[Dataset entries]
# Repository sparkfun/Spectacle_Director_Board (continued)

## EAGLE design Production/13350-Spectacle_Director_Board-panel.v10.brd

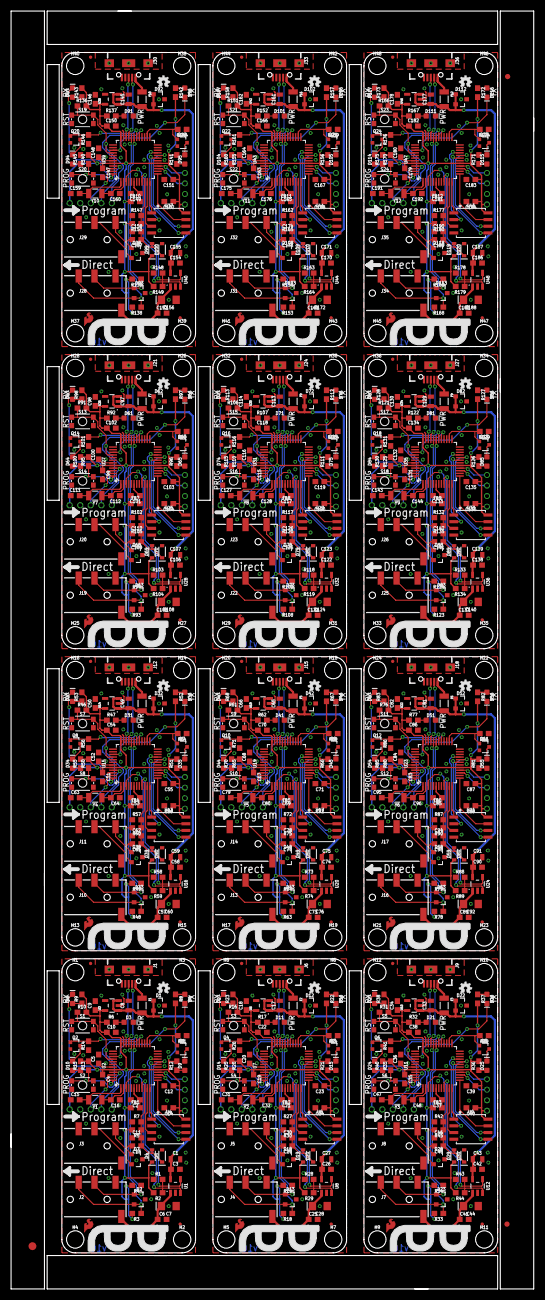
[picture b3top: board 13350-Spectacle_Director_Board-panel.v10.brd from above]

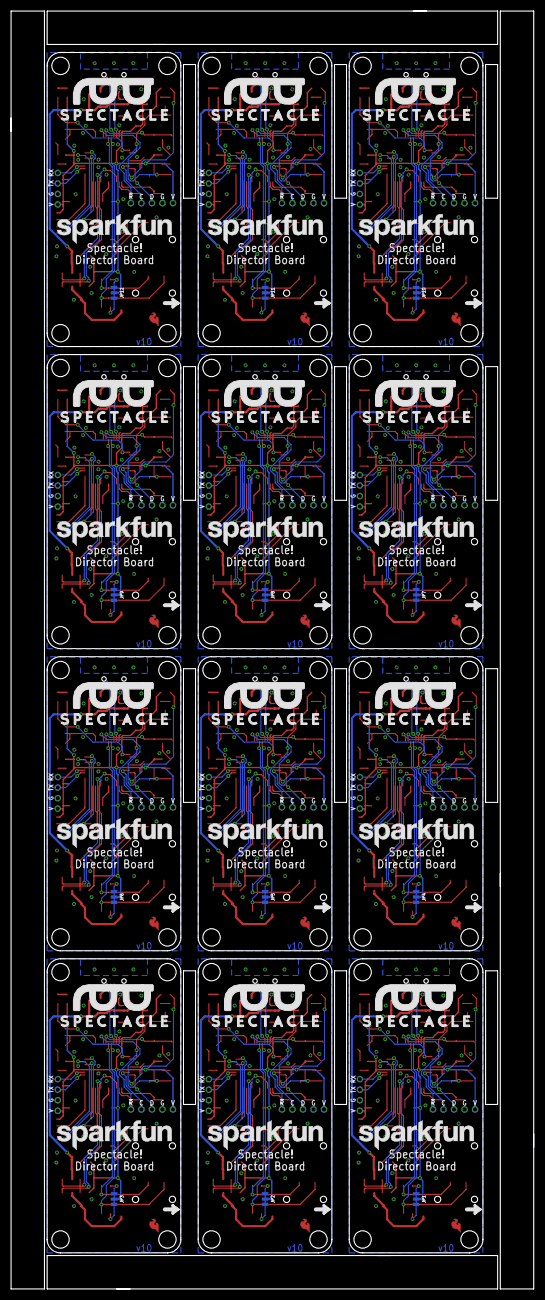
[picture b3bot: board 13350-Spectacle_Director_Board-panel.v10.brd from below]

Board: 2 copper layers, 99.3 x 242.8 mm, 891 parts (132 on the bottom side), 528 nets.

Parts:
C1, C27, C43, C59, C75, C91, C107, C123, C139, C155, C171, C187: 10uF; 0805
C2, C3, C4, C5, C6, C10, C12, C14, C19, C20, C21, C22, C23, C24, C25, C26, C35, C36, C37, C38, C39, C40, C41, C42, C51, C52, C53, C54, C55, C56, C57, C58, C67, C68, C69, C70, C71, C72, C73, C74, C83, C84, C85, C86, C87, C88, C89, C90, C99, C100, C101, C102, C103, C104, C105, C106, C115, C116, C117, C118, C119, C120, C121, C122, C131, C132, C133, C134, C135, C136, C137, C138, C147, C148, C149, C150, C151, C152, C153, C154, C163, C164, C165, C166, C167, C168, C169, C170, C179, C180, C181, C182, C183, C184, C185, C186: 0.1uF; 0603
C7, C28, C44, C60, C76, C92, C108, C124, C140, C156, C172, C188: 10uF; EIA3216
C8, C17, C33, C49, C65, C81, C97, C113, C129, C145, C161, C177: 1.0uF; 0805
C9, C18, C34, C50, C66, C82, C98, C114, C130, C146, C162, C178: 2.2uF; 0603
C11, C30, C46, C62, C78, C94, C110, C126, C142, C158, C174, C190: 47pF; 0603
C13, C29, C45, C61, C77, C93, C109, C125, C141, C157, C173, C189: 0.22uF; 0603
C15, C16, C31, C32, C47, C48, C63, C64, C79, C80, C95, C96, C111, C112, C127, C128, C143, C144, C159, C160, C175, C176, C191, C192: 15pF; 0603
D1, D2, D7, D12, D13, D18, D22, D23, D28, D32, D33, D38, D42, D43, D48, D52, D53, D58, D62, D63, D68, D72, D73, D78, D82, D83, D88, D92, D93, D98, D102, D103, D108, D112, D113, D118: PESD1CAN; SOT23-3
D3, D11, D21, D31, D41, D51, D61, D71, D81, D91, D101, D111: RED; LED-0603
D4, D5, D19, D20, D29, D30, D39, D40, D49, D50, D59, D60, D69, D70, D79, D80, D89, D90, D99, D100, D109, D110, D119, D120: 0.5A/40V/420mV; SOD-323
D6, D10, D14, D16, D24, D26, D34, D36, D44, D46, D54, D56, D64, D66, D74, D76, D84, D86, D94, D96, D104, D106, D114, D116: GREEN; LED-0603
D8, D17, D27, D37, D47, D57, D67, D77, D87, D97, D107, D117: Yellow; LED-0603
D9, D15, D25, D35, D45, D55, D65, D75, D85, D95, D105, D115: BLUE; LED-0603
E$1: FIDUCIAL-1.5X3
E$4, E$7: FIDUCIAL-1X2
F1, F2, F3, F4, F5, F6, F7, F8, F9, F10, F11, F12: 500mA; PTC-1206
FB1, FB2, FB3, FB4, FB5, FB6, FB7, FB8, FB9, FB10, FB11, FB12: 30Ω/1.8A; 0603
FD1, FD2, FD3, FD4, FD5, FD6, FD7, FD8, FD9, FD10, FD11, FD12, FD13, FD14, FD15, FD16, FD17, FD18, FD19, FD20, FD21, FD22, FD23, FD24: FIDUCIALUFIDUCIAL; FIDUCIAL-MICRO
H1, H2, H3, H4, H5, H6, H7, H8, H9, H10, H11, H12, H13, H14, H15, H16, H17, H18, H19, H20, H21, H22, H23, H24, H25, H26, H27, H28, H29, H30, H31, H32, H33, H34, H35, H36, H37, H38, H39, H40, H41, H42, H43, H44, H45, H46, H47, H48: STAND-OFF
J1, J6, J9, J12, J15, J18, J21, J24, J27, J30, J33, J36: USB-B-MICRO-SMD
J2, J4, J7, J10, J13, J16, J19, J22, J25, J28, J31, J34: I2C-TRRS; AUDIO_JACK_3.5MM_TRRS_SMD_RA
J3, J5, J8, J11, J14, J17, J20, J23, J26, J29, J32, J35: Serial-TRRS; AUDIO_JACK_3.5MM_TRRS_SMD_RA
JP1, JP2, JP3, JP4, JP5, JP6, JP7, JP8, JP9, JP10, JP11, JP12: JUMPER-SMT_3_2-NC_TRACE_NO-SILK; SMT-JUMPER_3_2-NC_TRACE_NO-SILK
LOGO1, LOGO5, LOGO8, LOGO11, LOGO14, LOGO17, LOGO20, LOGO23, LOGO26, LOGO29, LOGO32, LOGO35: OSHW-LOGOMINI; OSHW-LOGO-MINI
LOGO2, LOGO4, LOGO7, LOGO10, LOGO13, LOGO16, LOGO19, LOGO22, LOGO25, LOGO28, LOGO31, LOGO34: SFE_LOGO_NAME.2_INCH; SFE_LOGO_NAME_.2
LOGO3, LOGO6, LOGO9, LOGO12, LOGO15, LOGO18, LOGO21, LOGO24, LOGO27, LOGO30, LOGO33, LOGO36: SFE_LOGO_FLAME.1COP; SFE_LOGO_FLAME_COPPER_.1
Q1, Q2, Q3, Q4, Q5, Q6, Q7, Q8, Q9, Q10, Q11, Q12, Q13, Q14, Q15, Q16, Q17, Q18, Q19, Q20, Q21, Q22, Q23, Q24: 310mA/60V/1.6Ω; SOT323
R1, R11, R14, R24, R26, R28, R39, R41, R43, R54, R56, R58, R69, R71, R73, R84, R86, R88, R99, R101, R103, R114, R116, R118, R129, R131, R133, R144, R146, R148, R159, R161, R163, R174, R176, R178: 100k; 0603
R2, R5, R7, R10, R13, R16, R20, R27, R29, R30, R31, R35, R42, R44, R45, R46, R50, R57, R59, R60, R61, R65, R72, R74, R75, R76, R80, R87, R89, R90, R91, R95, R102, R104, R105, R106, R110, R117, R119, R120, R121, R125, R132, R134, R135, R136, R140, R147, R149, R150, R151, R155, R162, R164, R165, R166, R170, R177, R179, R180: 10k; 0603
R3, R4, R18, R19, R33, R34, R48, R49, R63, R64, R78, R79, R93, R94, R108, R109, R123, R124, R138, R139, R153, R154, R168, R169: 2.2k; 0603
R6, R17, R32, R47, R62, R77, R92, R107, R122, R137, R152, R167: 1k; 0603
R8, R9, R12, R15, R21, R22, R23, R25, R36, R37, R38, R40, R51, R52, R53, R55, R66, R67, R68, R70, R81, R82, R83, R85, R96, R97, R98, R100, R111, R112, R113, R115, R126, R127, R128, R130, R141, R142, R143, R145, R156, R157, R158, R160, R171, R172, R173, R175: 330; 0603
S1, S3, S5, S7, S9, S11, S13, S15, S17, S19, S21, S23: RESET; TACTILE_SWITCH_SMD_4.6X2.8MM
S2, S4, S6, S8, S10, S12, S14, S16, S18, S20, S22, S24: BTN2; TACTILE_SWITCH_SMD_4.6X2.8MM
TP1, TP10, TP19, TP28, TP37, TP46, TP55, TP64, TP73, TP82, TP91, TP100: TP-SWDIO; PAD.03X.05
TP2, TP11, TP20, TP29, TP38, TP47, TP56, TP65, TP74, TP83, TP92, TP101: TP-SWCLK; PAD.03X.05
TP3, TP12, TP21, TP30, TP39, TP48, TP57, TP66, TP75, TP84, TP93, TP102: TP-!RESET!; PAD.03X.05
TP4, TP13, TP22, TP31, TP40, TP49, TP58, TP67, TP76, TP85, TP94, TP103: TP-3.3V; PAD.03X.05
TP5, TP6, TP7, TP8, TP9, TP14, TP15, TP16, TP17, TP18, TP23, TP24, TP25, TP26, TP27, TP32, TP33, TP34, TP35, TP36, TP41, TP42, TP43, TP44, TP45, TP50, TP51, TP52, TP53, TP54, TP59, TP60, TP61, TP62, TP63, TP68, TP69, TP70, TP71, TP72, TP77, TP78, TP79, TP80, TP81, TP86, TP87, TP88, TP89, TP90, TP95, TP96, TP97, TP98, TP99, TP104, TP105, TP106, TP107, TP108: TP-GND; PAD.03X.05
U1, U8, U12, U16, U20, U24, U28, U32, U36, U40, U44, U48: AP2151; SOT23-5
U2, U7, U11, U15, U19, U23, U27, U31, U35, U39, U43, U47: ATSAMD21G-A; TQFP-48
U3, U6, U10, U14, U18, U22, U26, U30, U34, U38, U42, U46: 3.3V; SOT23-5
U4, U5, U9, U13, U17, U21, U25, U29, U33, U37, U41, U45: W25Q32FV; SOIC-8
Y1, Y2, Y3, Y4, Y5, Y6, Y7, Y8, Y9, Y10, Y11, Y12: 32.768kHz; CRYSTAL-SMD-3.2X1.5MM

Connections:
3.3V: C4.1, C9.1, C10.1, C12.1, C14.1, D4.C, FB1.1, JP1.2, R2.2, R5.2, R6.1, R8.2, R9.2, R10.2, R12.2, R13.2, R15.2, TP4.P$1, TP6.P$1, U2.17, U2.36, U2.44, U3.5, U4.8
3.3V1: C18.1, C19.1, C22.1, C23.1, C24.1, D19.C, FB2.1, JP2.2, R16.2, R17.1, R20.2, R21.2, R22.2, R23.2, R25.2, R29.2, R30.2, TP13.P$1, TP15.P$1, U5.8, U6.5, U7.17, U7.36, U7.44
3.3V2: C34.1, C35.1, C38.1, C39.1, C40.1, D29.C, FB3.1, JP3.2, R31.2, R32.1, R35.2, R36.2, R37.2, R38.2, R40.2, R44.2, R45.2, TP22.P$1, TP24.P$1, U9.8, U10.5, U11.17, U11.36, U11.44
3.3V3: C50.1, C51.1, C54.1, C55.1, C56.1, D39.C, FB4.1, JP4.2, R46.2, R47.1, R50.2, R51.2, R52.2, R53.2, R55.2, R59.2, R60.2, TP31.P$1, TP33.P$1, U13.8, U14.5, U15.17, U15.36, U15.44
3.3V4: C66.1, C67.1, C70.1, C71.1, C72.1, D49.C, FB5.1, JP5.2, R61.2, R62.1, R65.2, R66.2, R67.2, R68.2, R70.2, R74.2, R75.2, TP40.P$1, TP42.P$1, U17.8, U18.5, U19.17, U19.36, U19.44
3.3V5: C82.1, C83.1, C86.1, C87.1, C88.1, D59.C, FB6.1, JP6.2, R76.2, R77.1, R80.2, R81.2, R82.2, R83.2, R85.2, R89.2, R90.2, TP49.P$1, TP51.P$1, U21.8, U22.5, U23.17, U23.36, U23.44
3.3V6: C98.1, C99.1, C102.1, C103.1, C104.1, D69.C, FB7.1, JP7.2, R91.2, R92.1, R95.2, R96.2, R97.2, R98.2, R100.2, R104.2, R105.2, TP58.P$1, TP60.P$1, U25.8, U26.5, U27.17, U27.36, U27.44
3.3V7: C114.1, C115.1, C118.1, C119.1, C120.1, D79.C, FB8.1, JP8.2, R106.2, R107.1, R110.2, R111.2, R112.2, R113.2, R115.2, R119.2, R120.2, TP67.P$1, TP69.P$1, U29.8, U30.5, U31.17, U31.36, U31.44
3.3V8: C130.1, C131.1, C134.1, C135.1, C136.1, D89.C, FB9.1, JP9.2, R121.2, R122.1, R125.2, R126.2, R127.2, R128.2, R130.2, R134.2, R135.2, TP76.P$1, TP78.P$1, U33.8, U34.5, U35.17, U35.36, U35.44
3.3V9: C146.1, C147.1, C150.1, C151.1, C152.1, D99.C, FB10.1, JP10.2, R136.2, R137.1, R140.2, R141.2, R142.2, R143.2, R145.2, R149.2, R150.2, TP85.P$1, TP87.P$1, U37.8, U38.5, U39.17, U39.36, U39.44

## What needs to be done
All that belongs in your answer is the stretch of entries above from the line with "LOGO34: SFE_LOGO_NAME.2_INCH; SFE_LOGO_NAME_.2" through the line with "Q24: 310mA/60V/1.6Ω; SOT323", printed exactly.

## Response to the exercise
LOGO2, LOGO4, LOGO7, LOGO10, LOGO13, LOGO16, LOGO19, LOGO22, LOGO25, LOGO28, LOGO31, LOGO34: SFE_LOGO_NAME.2_INCH; SFE_LOGO_NAME_.2
LOGO3, LOGO6, LOGO9, LOGO12, LOGO15, LOGO18, LOGO21, LOGO24, LOGO27, LOGO30, LOGO33, LOGO36: SFE_LOGO_FLAME.1COP; SFE_LOGO_FLAME_COPPER_.1
Q1, Q2, Q3, Q4, Q5, Q6, Q7, Q8, Q9, Q10, Q11, Q12, Q13, Q14, Q15, Q16, Q17, Q18, Q19, Q20, Q21, Q22, Q23, Q24: 310mA/60V/1.6Ω; SOT323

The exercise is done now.